A signal-to-reference alignment comparison metric that calculates the F1 score between ground truth and query alignments is available at src/f1_score

We define:

• True Positives (TP): Signal points correctly mapped to the reference base. We allow a threshold of 1 base when determining true positives, meaning a signal point may be mapped to a base up to one position away (left or right) from the correct base and still be considered a TP.
• False Positives (FP): Signal points incorrectly mapped to a base.
• False Negatives (FN): Missed mappings that should have aligned to the reference base.
• True Negatives (TN): Signal points that should not map to any base.
• Precision = TP / (TP + FP)
• Recall = TP / (TP + FN)
• F1-Score = 2 × (Precision × Recall) / (Precision + Recall)

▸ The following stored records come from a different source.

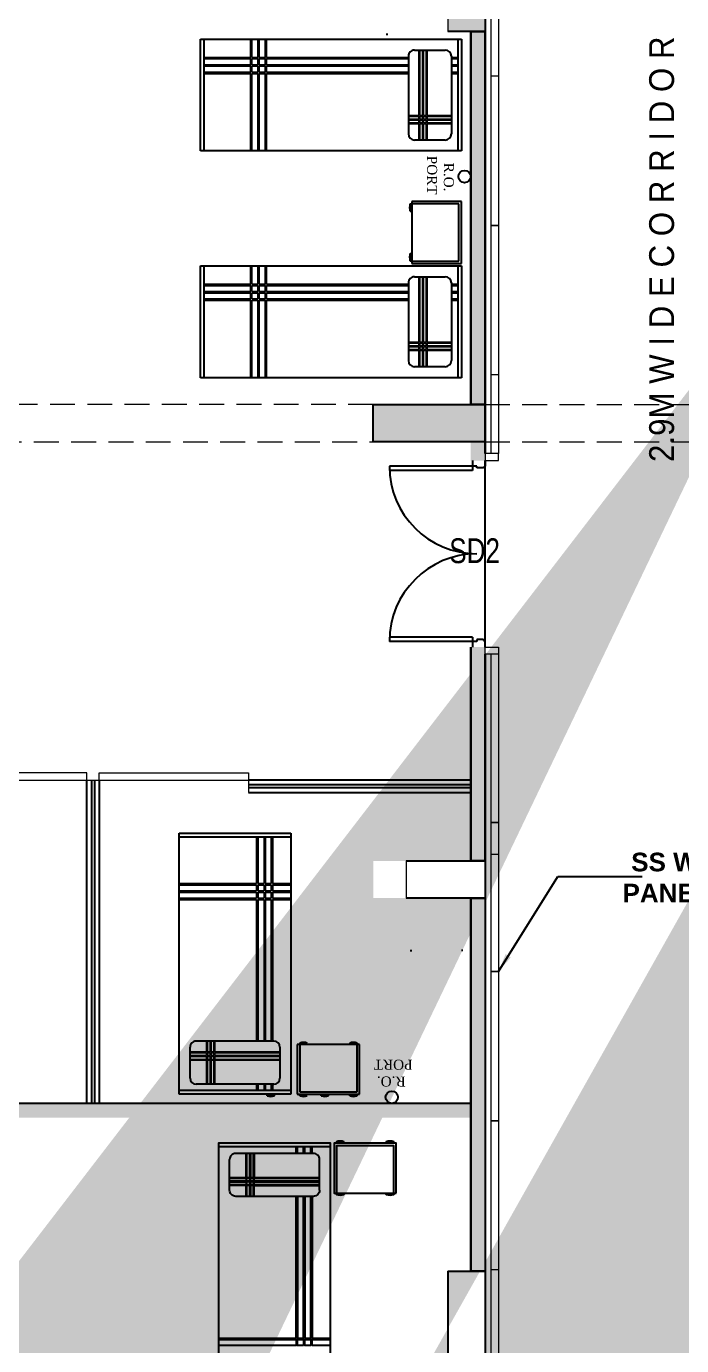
# Model space of a CAD drawing. Extents: x 11034434 to 11724204, y -4674497 to -3911811.
# Drawn here: x 11642733 to 11648006, y -4554832 to -4544222 of the extents above; entities that cross this region are included whole.
import ezdxf

# ---------------------------------------------------------------- set-up
doc = ezdxf.new("R2010")
doc.units = 0
doc.header["$MEASUREMENT"] = 0
doc.linetypes.add('HIDDEN', pattern=[0.375, 0.25, -0.125])
doc.layers.get('0').update_dxf_attribs({"color": 251, "linetype": 'CONTINUOUS'})
for name, color, linetype, lineweight in [('0.0', 251, 'CONTINUOUS', 0), ('OT TEXT', 251, 'CONTINUOUS', 5), ('WALL PANEL', 7, 'CONTINUOUS', 15)]:
    doc.layers.add(name, color=color, linetype=linetype, lineweight=lineweight)
for name, color, linetype in [('BEAM', 251, 'CONTINUOUS'), ('dim ref', 251, 'CONTINUOUS'), ('HATCH', 251, 'CONTINUOUS'), ('HS', 251, 'CONTINUOUS')]:
    doc.layers.add(name, color=color, linetype=linetype)
doc.styles.add('0_RM-NM', font='arial.ttf')
doc.styles.add('ARIAL', font='arial.ttf', dxfattribs={"width": 0.75})
doc.styles.get("Standard").update_dxf_attribs({"font": 'arial.ttf'})
doc.styles.add('style3', font='arialbd.ttf')
doc.dimstyles.new('Scale 50', dxfattribs={"dimscale": 0, "dimtxt": 150, "dimasz": 150, "dimexe": 0, "dimexo": 50, "dimgap": 0, "dimtad": 0, "dimtoh": 1, "dimdec": 0, "dimzin": 0, "dimdsep": 46, "dimtxsty": '0_RM-NM', "dimcen": 0, "dimdle": 100, "dimclrd": 204, "dimclre": 212, "dimclrt": 224, "dimadec": 0, "dimazin": 0, "dimtfac": 1, "dimtdec": 0, "dimtofl": 0, "dimtmove": 1, "dimatfit": 3, "dimfxl": 1, "dimtolj": 1, "dimtzin": 0, "dimlwe": -1, "dimarcsym": 0})

msp = doc.modelspace()

# ---------------------------------------------------------------- hatches: boundary and pattern name
at = {"layer": 'HATCH', "ltscale": 500}
h = msp.add_hatch(color=251, dxfattribs=at)
h.dxf.hatch_style = 1
h.paths.add_polyline_path([(11633364, -4566323), (11633664, -4566323), (11633664, -4567223), (11633364, -4567223)])
h.paths.add_polyline_path([(11676774, -4570188), (11677674, -4570188), (11677674, -4570488), (11676774, -4570488)])
h.paths.add_polyline_path([(11651189, -4576253), (11651489, -4576253), (11651489, -4577153), (11651189, -4577153)])
h.paths.add_polyline_path([(11673574, -4576253), (11674174, -4576253), (11674174, -4576553), (11673574, -4576553)])
h.paths.add_polyline_path([(11629934, -4558133), (11630684, -4558133), (11630684, -4558433), (11629934, -4558433)])
h.paths.add_polyline_path([(11629934, -4561663), (11630834, -4561663), (11630834, -4561963), (11629934, -4561963)])
h.paths.add_polyline_path([(11666915.7, -4576153), (11667744, -4576153), (11667744, -4576453), (11666915.7, -4576453)])
h.paths.add_polyline_path([(11643159, -4575553), (11643459, -4575553), (11643459, -4576453), (11643159, -4576453)])
h.paths.add_polyline_path([(11636989, -4575703), (11637289, -4575703), (11637289, -4576453), (11636989, -4576453)])
h.paths.add_polyline_path([(11636664, -4576478), (11636964, -4576478), (11636964, -4577228), (11636664, -4577228)])
h.paths.add_polyline_path([(11629934, -4547263), (11630684, -4547263), (11630684, -4547563), (11629934, -4547563)])
h.paths.add_polyline_path([(11676774, -4547263), (11677674, -4547263), (11677674, -4547563), (11676774, -4547563)])
h.paths.add_polyline_path([(11629834, -4566323), (11630134, -4566323), (11630134, -4567223), (11629834, -4567223)])
h.paths.add_polyline_path([(11636664, -4575703), (11636964, -4575703), (11636964, -4576453), (11636664, -4576453)])
h.paths.add_polyline_path([(11676674, -4533533), (11676974, -4533533), (11676974, -4532554.7), (11676674, -4532554.7)])
h.paths.add_polyline_path([(11629934, -4554533), (11630684, -4554533), (11630684, -4554833), (11629934, -4554833)])
h.paths.add_polyline_path([(11658389, -4576253), (11658689, -4576253), (11658689, -4577153), (11658389, -4577153)])
h.paths.add_polyline_path([(11676774, -4527303), (11677674, -4527303), (11677674, -4527603), (11676774, -4527603)])
h.paths.add_polyline_path([(11676774, -4543663), (11677674, -4543663), (11677674, -4543963), (11676774, -4543963)])
h.paths.add_polyline_path([(11629934, -4550933), (11630684, -4550933), (11630684, -4551233), (11629934, -4551233)])
h.paths.add_polyline_path([(11661989, -4570223), (11662289, -4570223), (11662289, -4571123), (11661989, -4571123)])
h.paths.add_polyline_path([(11676774, -4550933), (11677674, -4550933), (11677674, -4551233), (11676774, -4551233)])
h.paths.add_polyline_path([(11634979, -4536533), (11635279, -4536533), (11635279, -4537133), (11634979, -4537133)])
h.paths.add_polyline_path([(11629934, -4536533), (11630834, -4536533), (11630834, -4536833), (11629934, -4536833)])
h.paths.add_polyline_path([(11676774, -4536533), (11677574, -4536533), (11677574, -4536833), (11676774, -4536833)])
h.paths.add_polyline_path([(11673574, -4565263), (11674272.9, -4565263), (11674272.9, -4565563), (11673574, -4565563)])
h.paths.add_polyline_path([(11670744, -4576153), (11671572.3, -4576153), (11671572.3, -4576453), (11670744, -4576453)])
h.paths.add_polyline_path([(11676774, -4558133), (11677674, -4558133), (11677674, -4558433), (11676774, -4558433)])
h.paths.add_polyline_path([(11634979, -4532933), (11635279, -4532933), (11635279, -4533533), (11634979, -4533533)])
h.paths.add_polyline_path([(11635304, -4532933), (11635604, -4532933), (11635604, -4533533), (11635304, -4533533)])
h.paths.add_polyline_path([(11631314, -4532633), (11631614, -4532633), (11631614, -4533533), (11631314, -4533533)])
h.paths.add_polyline_path([(11676774, -4576153), (11677674, -4576153), (11677674, -4576453), (11676774, -4576453)])
h.paths.add_polyline_path([(11649424, -4525003), (11649724, -4525003), (11649724, -4525903), (11649424, -4525903)])
h.paths.add_polyline_path([(11655454, -4525003), (11655754, -4525003), (11655754, -4525903), (11655454, -4525903)])
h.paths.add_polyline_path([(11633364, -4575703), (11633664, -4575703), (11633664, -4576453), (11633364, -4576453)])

python src/f1score.py ground_truth_alignment.bam query_alignment.bam --read_limit 1000 --base_shift 0  --threshold 1  --rna

Citation

Please cite the following in your publications when using our tool:

Samarakoon, H., Wan, Y.K., Parameswaran, S., Göke, J., Gamaarachchi, H. and Deveson, I.W., 2025. Leveraging basecaller’s move table to generate a lightweight k-mer model for nanopore sequencing analysis. Bioinformatics, 41(4), p.btaf111.

@article{samarakoon2025leveraging,
  title={Leveraging basecaller’s move table to generate a lightweight k-mer model for nanopore sequencing analysis},
  author={Samarakoon, Hiruna and Wan, Yuk Kei and Parameswaran, Sri and G{\"o}ke, Jonathan and Gamaarachchi, Hasindu and Deveson, Ira W},
  journal={Bioinformatics},
  volume={41},
  number={4},
  pages={btaf111},
  year={2025},
  publisher={Oxford University Press}
}

Acknowledgement

Code snippets have been taken from Minimap2, F5c, Nanopolish, and Sigtk.